Gun control will be on all the do-gooders hit list with your favorite leader leading.


----------



## sneakygroundbuzzard (Nov 1, 2012)

its sad what happened

when will obummer and his bunch of yes men realize its not a gun problem

its a societal and mental health problem

if we start helping the mentally ill,and teaching society that you are respinsible for your actionsthen maybe things like this will decline if not all together stop

too many folks have been raised with the attitude that no matter what they do its not their fault

and the ones with mental illness go to the extreme

i believe in most cases they do it because they are looking for help and attention

these actions get them the attention they seek

the media is no help either

every time something like this happens we here about it for months on end

which in the minds of the mentally ill,glorify these actions

such as sad sad society we live in these days

but i am glad i am armed to the teeth


----------



## youngdon (Mar 10, 2010)

Mental health and socioeconomic issues are the main reasons for gun violence.


----------



## azpredatorhunter (Jul 24, 2012)

Obummer is already talking common sense gun laws like Australia and England, what an idiot. We don't even know who the guy was, he might be a Jihadist. I heard he asked the people what religion they were, who does that.


----------



## C2C (Mar 17, 2012)

youngdon said:


> Mental health and socioeconomic issues are the main reasons for gun violence.

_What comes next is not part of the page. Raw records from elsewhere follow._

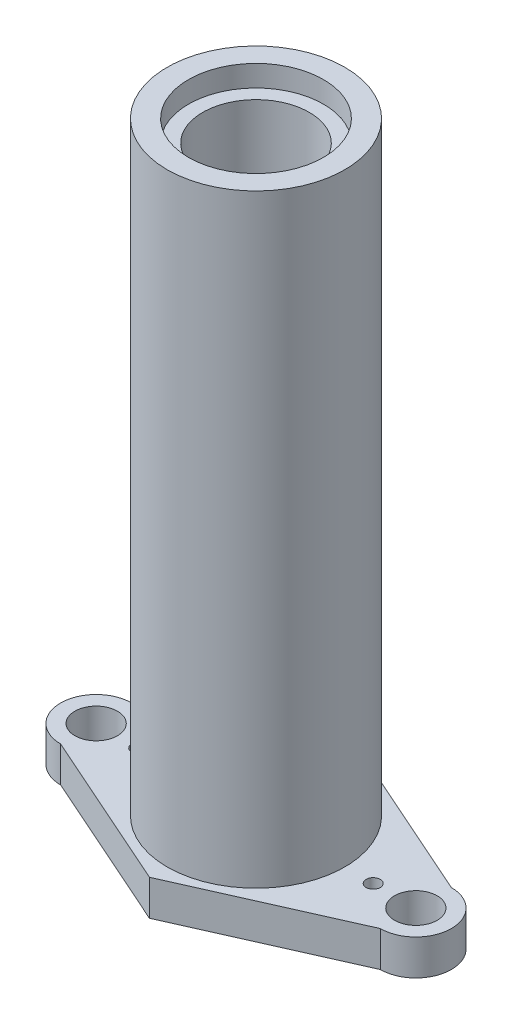
ISO-10303-21;
HEADER;
FILE_DESCRIPTION(('STEP AP214'),'2;1');
FILE_NAME('part.step','',(''),(''),'','','');
FILE_SCHEMA(('AUTOMOTIVE_DESIGN { 1 0 10303 214 1 1 1 1 }'));
ENDSEC;
DATA;
#1=APPLICATION_CONTEXT('core data for automotive mechanical design processes');
#2=APPLICATION_PROTOCOL_DEFINITION('international standard','automotive_design',2000,#1);
#3=PRODUCT_CONTEXT('',#1,'mechanical');
#4=PRODUCT('Part','Part','',(#3));
#5=PRODUCT_RELATED_PRODUCT_CATEGORY('part','',(#4));
#6=PRODUCT_DEFINITION_FORMATION('','',#4);
#7=PRODUCT_DEFINITION_CONTEXT('part definition',#1,'design');
#8=PRODUCT_DEFINITION('design','',#6,#7);
#9=PRODUCT_DEFINITION_SHAPE('','',#8);
#10=(LENGTH_UNIT() NAMED_UNIT(*) SI_UNIT(.MILLI.,.METRE.));
#11=(NAMED_UNIT(*) PLANE_ANGLE_UNIT() SI_UNIT($,.RADIAN.));
#12=(NAMED_UNIT(*) SI_UNIT($,.STERADIAN.) SOLID_ANGLE_UNIT());
#13=UNCERTAINTY_MEASURE_WITH_UNIT(LENGTH_MEASURE(1.E-05),#10,'distance_accuracy_value','');
#14=(GEOMETRIC_REPRESENTATION_CONTEXT(3) GLOBAL_UNCERTAINTY_ASSIGNED_CONTEXT((#13)) GLOBAL_UNIT_ASSIGNED_CONTEXT((#10,
#11,#12)) REPRESENTATION_CONTEXT('',''));
#15=CARTESIAN_POINT('',(0.,0.,0.));
#16=DIRECTION('',(0.,0.,1.));
#17=DIRECTION('',(1.,0.,0.));
#18=AXIS2_PLACEMENT_3D('',#15,#16,#17);
#19=CARTESIAN_POINT('',(0.,78.,0.869271295597634));
#20=DIRECTION('',(0.,1.,0.));
#21=DIRECTION('',(0.,0.,1.));
#22=AXIS2_PLACEMENT_3D('',#19,#20,#21);
#23=CYLINDRICAL_SURFACE('',#22,7.5);
#24=CARTESIAN_POINT('',(0.,78.,0.869271295597634));
#25=DIRECTION('',(0.,1.,0.));
#26=DIRECTION('',(0.,0.,1.));
#27=AXIS2_PLACEMENT_3D('',#24,#25,#26);
#28=CIRCLE('',#27,7.5);
#29=CARTESIAN_POINT('',(0.,78.,8.36927129559763));
#30=VERTEX_POINT('',#29);
#31=EDGE_CURVE('E167',#30,#30,#28,.T.);
#32=ORIENTED_EDGE('',*,*,#31,.F.);
#33=EDGE_LOOP('',(#32));
#34=FACE_BOUND('',#33,.T.);
#35=CARTESIAN_POINT('',(0.,87.,0.869271295597634));
#36=DIRECTION('',(0.,1.,0.));
#37=DIRECTION('',(0.,0.,1.));
#38=AXIS2_PLACEMENT_3D('',#35,#36,#37);
#39=CIRCLE('',#38,7.5);
#40=CARTESIAN_POINT('',(0.,87.,8.36927129559763));
#41=VERTEX_POINT('',#40);
#42=EDGE_CURVE('E40',#41,#41,#39,.F.);
#43=ORIENTED_EDGE('',*,*,#42,.F.);
#44=EDGE_LOOP('',(#43));
#45=FACE_BOUND('',#44,.T.);
#46=ADVANCED_FACE('F36',(#34,#45),#23,.F.);
#47=CARTESIAN_POINT('',(0.,0.,0.869271295597634));
#48=DIRECTION('',(0.,1.,0.));
#49=DIRECTION('',(0.,0.,1.));
#50=AXIS2_PLACEMENT_3D('',#47,#48,#49);
#51=CYLINDRICAL_SURFACE('',#50,4.);
#52=CARTESIAN_POINT('',(0.,75.,0.869271295597634));
#53=DIRECTION('',(0.,1.,0.));
#54=DIRECTION('',(0.,0.,1.));
#55=AXIS2_PLACEMENT_3D('',#52,#53,#54);
#56=CIRCLE('',#55,4.);
#57=CARTESIAN_POINT('',(0.,75.,4.86927129559763));
#58=VERTEX_POINT('',#57);
#59=EDGE_CURVE('E162',#58,#58,#56,.T.);
#60=CARTESIAN_POINT('',(0.,78.,0.869271295597634));
#61=DIRECTION('',(0.,1.,0.));
#62=DIRECTION('',(0.,0.,1.));
#63=AXIS2_PLACEMENT_3D('',#60,#61,#62);
#64=CIRCLE('',#63,4.);
#65=CARTESIAN_POINT('',(0.,78.,4.86927129559763));
#66=VERTEX_POINT('',#65);
#67=EDGE_CURVE('E165',#66,#66,#64,.F.);
#68=CARTESIAN_POINT('',(0.,75.,4.86927129559763));
#69=CARTESIAN_POINT('',(0.,75.03125,4.86927129559763));
#70=CARTESIAN_POINT('',(0.,75.0625,4.86927129559763));
#71=CARTESIAN_POINT('',(0.,75.125,4.86927129559763));
#72=CARTESIAN_POINT('',(0.,75.15625,4.86927129559763));
#73=CARTESIAN_POINT('',(0.,75.21875,4.86927129559763));
#74=CARTESIAN_POINT('',(0.,75.25,4.86927129559763));
#75=CARTESIAN_POINT('',(0.,75.3125,4.86927129559763));
#76=CARTESIAN_POINT('',(0.,75.34375,4.86927129559763));
#77=CARTESIAN_POINT('',(0.,75.40625,4.86927129559763));
#78=CARTESIAN_POINT('',(0.,75.4375,4.86927129559763));
#79=CARTESIAN_POINT('',(0.,75.5,4.86927129559763));
#80=CARTESIAN_POINT('',(0.,75.53125,4.86927129559763));
#81=CARTESIAN_POINT('',(0.,75.59375,4.86927129559763));
#82=CARTESIAN_POINT('',(0.,75.625,4.86927129559763));
#83=CARTESIAN_POINT('',(0.,75.6875,4.86927129559763));
#84=CARTESIAN_POINT('',(0.,75.71875,4.86927129559763));
#85=CARTESIAN_POINT('',(0.,75.78125,4.86927129559763));
#86=CARTESIAN_POINT('',(0.,75.8125,4.86927129559763));
#87=CARTESIAN_POINT('',(0.,75.875,4.86927129559763));
#88=CARTESIAN_POINT('',(0.,75.90625,4.86927129559763));
#89=CARTESIAN_POINT('',(0.,75.96875,4.86927129559763));
#90=CARTESIAN_POINT('',(0.,76.,4.86927129559763));
#91=CARTESIAN_POINT('',(0.,76.0625,4.86927129559763));
#92=CARTESIAN_POINT('',(0.,76.09375,4.86927129559763));
#93=CARTESIAN_POINT('',(0.,76.15625,4.86927129559763));
#94=CARTESIAN_POINT('',(0.,76.1875,4.86927129559763));
#95=CARTESIAN_POINT('',(0.,76.25,4.86927129559763));
#96=CARTESIAN_POINT('',(0.,76.28125,4.86927129559763));
#97=CARTESIAN_POINT('',(0.,76.34375,4.86927129559763));
#98=CARTESIAN_POINT('',(0.,76.375,4.86927129559763));
#99=CARTESIAN_POINT('',(0.,76.4375,4.86927129559763));
#100=CARTESIAN_POINT('',(0.,76.46875,4.86927129559763));
#101=CARTESIAN_POINT('',(0.,76.53125,4.86927129559763));
#102=CARTESIAN_POINT('',(0.,76.5625,4.86927129559763));
#103=CARTESIAN_POINT('',(0.,76.625,4.86927129559763));
#104=CARTESIAN_POINT('',(0.,76.65625,4.86927129559763));
#105=CARTESIAN_POINT('',(0.,76.71875,4.86927129559763));
#106=CARTESIAN_POINT('',(0.,76.75,4.86927129559763));
#107=CARTESIAN_POINT('',(0.,76.8125,4.86927129559763));
#108=CARTESIAN_POINT('',(0.,76.84375,4.86927129559763));
#109=CARTESIAN_POINT('',(0.,76.90625,4.86927129559763));
#110=CARTESIAN_POINT('',(0.,76.9375,4.86927129559763));
#111=CARTESIAN_POINT('',(0.,77.,4.86927129559763));
#112=CARTESIAN_POINT('',(0.,77.03125,4.86927129559763));
#113=CARTESIAN_POINT('',(0.,77.09375,4.86927129559763));
#114=CARTESIAN_POINT('',(0.,77.125,4.86927129559763));
#115=CARTESIAN_POINT('',(0.,77.1875,4.86927129559763));
#116=CARTESIAN_POINT('',(0.,77.21875,4.86927129559763));
#117=CARTESIAN_POINT('',(0.,77.28125,4.86927129559763));
#118=CARTESIAN_POINT('',(0.,77.3125,4.86927129559763));
#119=CARTESIAN_POINT('',(0.,77.375,4.86927129559763));
#120=CARTESIAN_POINT('',(0.,77.40625,4.86927129559763));
#121=CARTESIAN_POINT('',(0.,77.46875,4.86927129559763));
#122=CARTESIAN_POINT('',(0.,77.5,4.86927129559763));
#123=CARTESIAN_POINT('',(0.,77.5625,4.86927129559763));
#124=CARTESIAN_POINT('',(0.,77.59375,4.86927129559763));
#125=CARTESIAN_POINT('',(0.,77.65625,4.86927129559763));
#126=CARTESIAN_POINT('',(0.,77.6875,4.86927129559763));
#127=CARTESIAN_POINT('',(0.,77.75,4.86927129559763));
#128=CARTESIAN_POINT('',(0.,77.78125,4.86927129559763));
#129=CARTESIAN_POINT('',(0.,77.84375,4.86927129559763));
#130=CARTESIAN_POINT('',(0.,77.875,4.86927129559763));
#131=CARTESIAN_POINT('',(0.,77.9375,4.86927129559763));
#132=CARTESIAN_POINT('',(0.,77.96875,4.86927129559763));
#133=CARTESIAN_POINT('',(0.,78.,4.86927129559763));
#134=B_SPLINE_CURVE_WITH_KNOTS('',3,(#68,#69,#70,#71,#72,#73,#74,#75,#76,#77,#78,#79,#80,#81,
#82,#83,#84,#85,#86,#87,#88,#89,#90,#91,#92,#93,#94,#95,#96,#97,#98,#99,#100,#101,#102,#103,
#104,#105,#106,#107,#108,#109,#110,#111,#112,#113,#114,#115,#116,#117,#118,#119,#120,#121,#122,
#123,#124,#125,#126,#127,#128,#129,#130,#131,#132,#133),.UNSPECIFIED.,.F.,.F.,(4,2,2,2,2,2,2,2,
2,2,2,2,2,2,2,2,2,2,2,2,2,2,2,2,2,2,2,2,2,2,2,2,4),(0.,0.0937500000000036,0.187500000000007,
0.281249999999997,0.375,0.468750000000004,0.562499999999994,0.656249999999997,0.750000000000001,
0.843750000000004,0.937500000000008,1.03125,1.125,1.21875,1.31249999999999,1.40625,1.5,1.59375,
1.68750000000001,1.78125,1.875,1.96875000000001,2.06249999999999,2.15625,2.25,2.34375000000001,
2.43750000000001,2.53125,2.625,2.71875000000001,2.8125,2.90625,3.),.UNSPECIFIED.);
#135=EDGE_CURVE('BSEAM218',#58,#66,#134,.T.);
#136=ORIENTED_EDGE('',*,*,#59,.F.);
#137=ORIENTED_EDGE('',*,*,#67,.F.);
#138=ORIENTED_EDGE('',*,*,#135,.T.);
#139=ORIENTED_EDGE('',*,*,#135,.F.);
#140=EDGE_LOOP('',(#136,#138,#137,#139));
#141=FACE_BOUND('',#140,.T.);
#142=ADVANCED_FACE('F218',(#141),#51,.F.);
#143=CARTESIAN_POINT('',(0.,5.,0.));
#144=DIRECTION('',(0.,1.,0.));
#145=DIRECTION('',(0.,0.,1.));
#146=AXIS2_PLACEMENT_3D('',#143,#144,#145);
#147=PLANE('',#146);
#148=CARTESIAN_POINT('',(-22.5,5.,0.869271295597634));
#149=DIRECTION('',(0.,1.,0.));
#150=DIRECTION('',(0.,0.,1.));
#151=AXIS2_PLACEMENT_3D('',#148,#149,#150);
#152=CIRCLE('',#151,3.);
#153=CARTESIAN_POINT('',(-22.5,5.,3.86927129559764));
#154=VERTEX_POINT('',#153);
#155=EDGE_CURVE('E124',#154,#154,#152,.T.);
#156=ORIENTED_EDGE('',*,*,#155,.F.);
#157=EDGE_LOOP('',(#156));
#158=FACE_BOUND('',#157,.T.);
#159=CARTESIAN_POINT('',(22.5,5.,0.869271295597634));
#160=DIRECTION('',(0.,1.,0.));
#161=DIRECTION('',(0.,0.,1.));
#162=AXIS2_PLACEMENT_3D('',#159,#160,#161);
#163=CIRCLE('',#162,2.99999999999999);
#164=CARTESIAN_POINT('',(22.5,5.,3.86927129559763));
#165=VERTEX_POINT('',#164);
#166=EDGE_CURVE('E118',#165,#165,#163,.T.);
#167=ORIENTED_EDGE('',*,*,#166,.F.);
#168=EDGE_LOOP('',(#167));
#169=FACE_BOUND('',#168,.T.);
#170=CARTESIAN_POINT('',(22.5,5.,0.869271295597634));
#171=DIRECTION('',(0.,1.,0.));
#172=DIRECTION('',(0.,0.,1.));
#173=AXIS2_PLACEMENT_3D('',#170,#171,#172);
#174=CIRCLE('',#173,5.);
#175=CARTESIAN_POINT('',(22.5,5.,-4.13072870440236));
#176=VERTEX_POINT('',#175);
#177=CARTESIAN_POINT('',(22.5,5.,5.86927129559764));
#178=VERTEX_POINT('',#177);
#179=EDGE_CURVE('E192',#176,#178,#174,.F.);
#180=ORIENTED_EDGE('',*,*,#179,.F.);
#181=DIRECTION('',(0.913811548620257,0.,0.406138466053448));
#182=VECTOR('',#181,1.);
#183=CARTESIAN_POINT('',(5.2443941583349,5.,-11.7998868562535));
#184=LINE('',#183,#182);
#185=CARTESIAN_POINT('',(0.,5.,-14.1307287044024));
#186=VERTEX_POINT('',#185);
#187=EDGE_CURVE('E194',#186,#176,#184,.T.);
#188=ORIENTED_EDGE('',*,*,#187,.F.);
#189=DIRECTION('',(0.913811548620257,0.,-0.406138466053447));
#190=VECTOR('',#189,1.);
#191=CARTESIAN_POINT('',(-5.2443941583349,5.,-11.7998868562535));
#192=LINE('',#191,#190);
#193=CARTESIAN_POINT('',(-22.5,5.,-4.13072870440236));
#194=VERTEX_POINT('',#193);
#195=EDGE_CURVE('E103',#194,#186,#192,.T.);
#196=ORIENTED_EDGE('',*,*,#195,.F.);
#197=CARTESIAN_POINT('',(-22.5,5.,0.869271295597634));
#198=DIRECTION('',(0.,1.,0.));
#199=DIRECTION('',(0.,0.,1.));
#200=AXIS2_PLACEMENT_3D('',#197,#198,#199);
#201=CIRCLE('',#200,5.);
#202=CARTESIAN_POINT('',(-22.5,5.,5.86927129559763));
#203=VERTEX_POINT('',#202);
#204=EDGE_CURVE('E94',#194,#203,#201,.T.);
#205=ORIENTED_EDGE('',*,*,#204,.T.);
#206=DIRECTION('',(-0.913811548620257,0.,-0.406138466053447));
#207=VECTOR('',#206,1.);
#208=CARTESIAN_POINT('',(-5.8896264602218,5.,13.251659535499));
#209=LINE('',#208,#207);
#210=CARTESIAN_POINT('',(0.,5.,15.8692712955976));
#211=VERTEX_POINT('',#210);
#212=EDGE_CURVE('E100',#211,#203,#209,.T.);
#213=ORIENTED_EDGE('',*,*,#212,.F.);
#214=DIRECTION('',(-0.913811548620257,0.,0.406138466053448));
#215=VECTOR('',#214,1.);
#216=CARTESIAN_POINT('',(5.88962646022181,5.,13.2516595354991));
#217=LINE('',#216,#215);
#218=EDGE_CURVE('E116',#178,#211,#217,.T.);
#219=ORIENTED_EDGE('',*,*,#218,.F.);
#220=EDGE_LOOP('',(#180,#188,#196,#205,#213,#219));
#221=FACE_BOUND('',#220,.T.);
#222=CARTESIAN_POINT('',(-16.5,5.,0.869271295597634));
#223=DIRECTION('',(0.,1.,0.));
#224=DIRECTION('',(0.,0.,1.));
#225=AXIS2_PLACEMENT_3D('',#222,#223,#224);
#226=CIRCLE('',#225,1.);
#227=CARTESIAN_POINT('',(-16.5,5.,1.86927129559764));
#228=VERTEX_POINT('',#227);
#229=EDGE_CURVE('E189',#228,#228,#226,.T.);
#230=ORIENTED_EDGE('',*,*,#229,.F.);
#231=EDGE_LOOP('',(#230));
#232=FACE_BOUND('',#231,.T.);
#233=CARTESIAN_POINT('',(16.5,5.,0.869271295597634));
#234=DIRECTION('',(0.,1.,0.));
#235=DIRECTION('',(0.,0.,1.));
#236=AXIS2_PLACEMENT_3D('',#233,#234,#235);
#237=CIRCLE('',#236,1.);
#238=CARTESIAN_POINT('',(16.5,5.,1.86927129559764));
#239=VERTEX_POINT('',#238);
#240=EDGE_CURVE('E157',#239,#239,#237,.T.);
#241=ORIENTED_EDGE('',*,*,#240,.F.);
#242=EDGE_LOOP('',(#241));
#243=FACE_BOUND('',#242,.T.);
#244=CARTESIAN_POINT('',(0.,5.,0.869271295597634));
#245=DIRECTION('',(0.,1.,0.));
#246=DIRECTION('',(0.,0.,1.));
#247=AXIS2_PLACEMENT_3D('',#244,#245,#246);
#248=CIRCLE('',#247,12.5);
#249=CARTESIAN_POINT('',(0.,5.,13.3692712955976));
#250=VERTEX_POINT('',#249);
#251=EDGE_CURVE('E131',#250,#250,#248,.T.);
#252=ORIENTED_EDGE('',*,*,#251,.F.);
#253=EDGE_LOOP('',(#252));
#254=FACE_BOUND('',#253,.T.);
#255=ADVANCED_FACE('F96',(#158,#169,#221,#232,#243,#254),#147,.T.);
#256=CARTESIAN_POINT('',(22.5,5.,0.869271295597634));
#257=DIRECTION('',(0.,-1.,0.));
#258=DIRECTION('',(0.,0.,-1.));
#259=AXIS2_PLACEMENT_3D('',#256,#257,#258);
#260=CYLINDRICAL_SURFACE('',#259,5.);
#261=CARTESIAN_POINT('',(22.5,0.,0.869271295597634));
#262=DIRECTION('',(0.,1.,0.));
#263=DIRECTION('',(0.,0.,1.));
#264=AXIS2_PLACEMENT_3D('',#261,#262,#263);
#265=CIRCLE('',#264,5.);
#266=CARTESIAN_POINT('',(22.5,0.,-4.13072870440236));
#267=VERTEX_POINT('',#266);
#268=CARTESIAN_POINT('',(22.5,0.,5.86927129559764));
#269=VERTEX_POINT('',#268);
#270=EDGE_CURVE('E134',#267,#269,#265,.F.);
#271=ORIENTED_EDGE('',*,*,#270,.F.);
#272=DIRECTION('',(0.,-1.,0.));
#273=VECTOR('',#272,1.);
#274=CARTESIAN_POINT('',(22.5,5.,-4.13072870440236));
#275=LINE('',#274,#273);
#276=EDGE_CURVE('E11',#176,#267,#275,.T.);
#277=ORIENTED_EDGE('',*,*,#276,.F.);
#278=ORIENTED_EDGE('',*,*,#179,.T.);
#279=DIRECTION('',(0.,-1.,0.));
#280=VECTOR('',#279,1.);
#281=CARTESIAN_POINT('',(22.5,5.,5.86927129559764));
#282=LINE('',#281,#280);
#283=EDGE_CURVE('E55',#178,#269,#282,.T.);
#284=ORIENTED_EDGE('',*,*,#283,.T.);
#285=EDGE_LOOP('',(#271,#277,#278,#284));
#286=FACE_BOUND('',#285,.T.);
#287=ADVANCED_FACE('F245',(#286),#260,.T.);
#288=CARTESIAN_POINT('',(5.2443941583349,5.,-11.7998868562535));
#289=DIRECTION('',(0.406138466053448,0.,-0.913811548620257));
#290=DIRECTION('',(-0.913811548620257,0.,-0.406138466053448));
#291=AXIS2_PLACEMENT_3D('',#288,#289,#290);
#292=PLANE('',#291);
#293=DIRECTION('',(0.913811548620257,0.,0.406138466053448));
#294=VECTOR('',#293,1.);
#295=CARTESIAN_POINT('',(5.2443941583349,0.,-11.7998868562535));
#296=LINE('',#295,#294);
#297=CARTESIAN_POINT('',(0.,0.,-14.1307287044024));
#298=VERTEX_POINT('',#297);
#299=EDGE_CURVE('E136',#298,#267,#296,.T.);
#300=ORIENTED_EDGE('',*,*,#299,.F.);
#301=DIRECTION('',(0.,-1.,0.));
#302=VECTOR('',#301,1.);
#303=CARTESIAN_POINT('',(0.,5.,-14.1307287044024));
#304=LINE('',#303,#302);
#305=EDGE_CURVE('E46',#186,#298,#304,.T.);
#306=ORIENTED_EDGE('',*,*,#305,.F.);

Thats right Don ," guns don't kill people , people kill people ."


----------



## bones44 (Jan 7, 2011)

No one bothers to mention on the news is background checks are mandatory in Oregon. Although saddening mental health facilities need to be reopened. Since closing about 90% of them violent crimes have increased tenfold


----------



## glenway (Mar 27, 2011)

Take away people's phones and no longer will we have vehicle accidents from texting and driving.

Take away cars and trucks, too, and we will no longer have traffic deaths.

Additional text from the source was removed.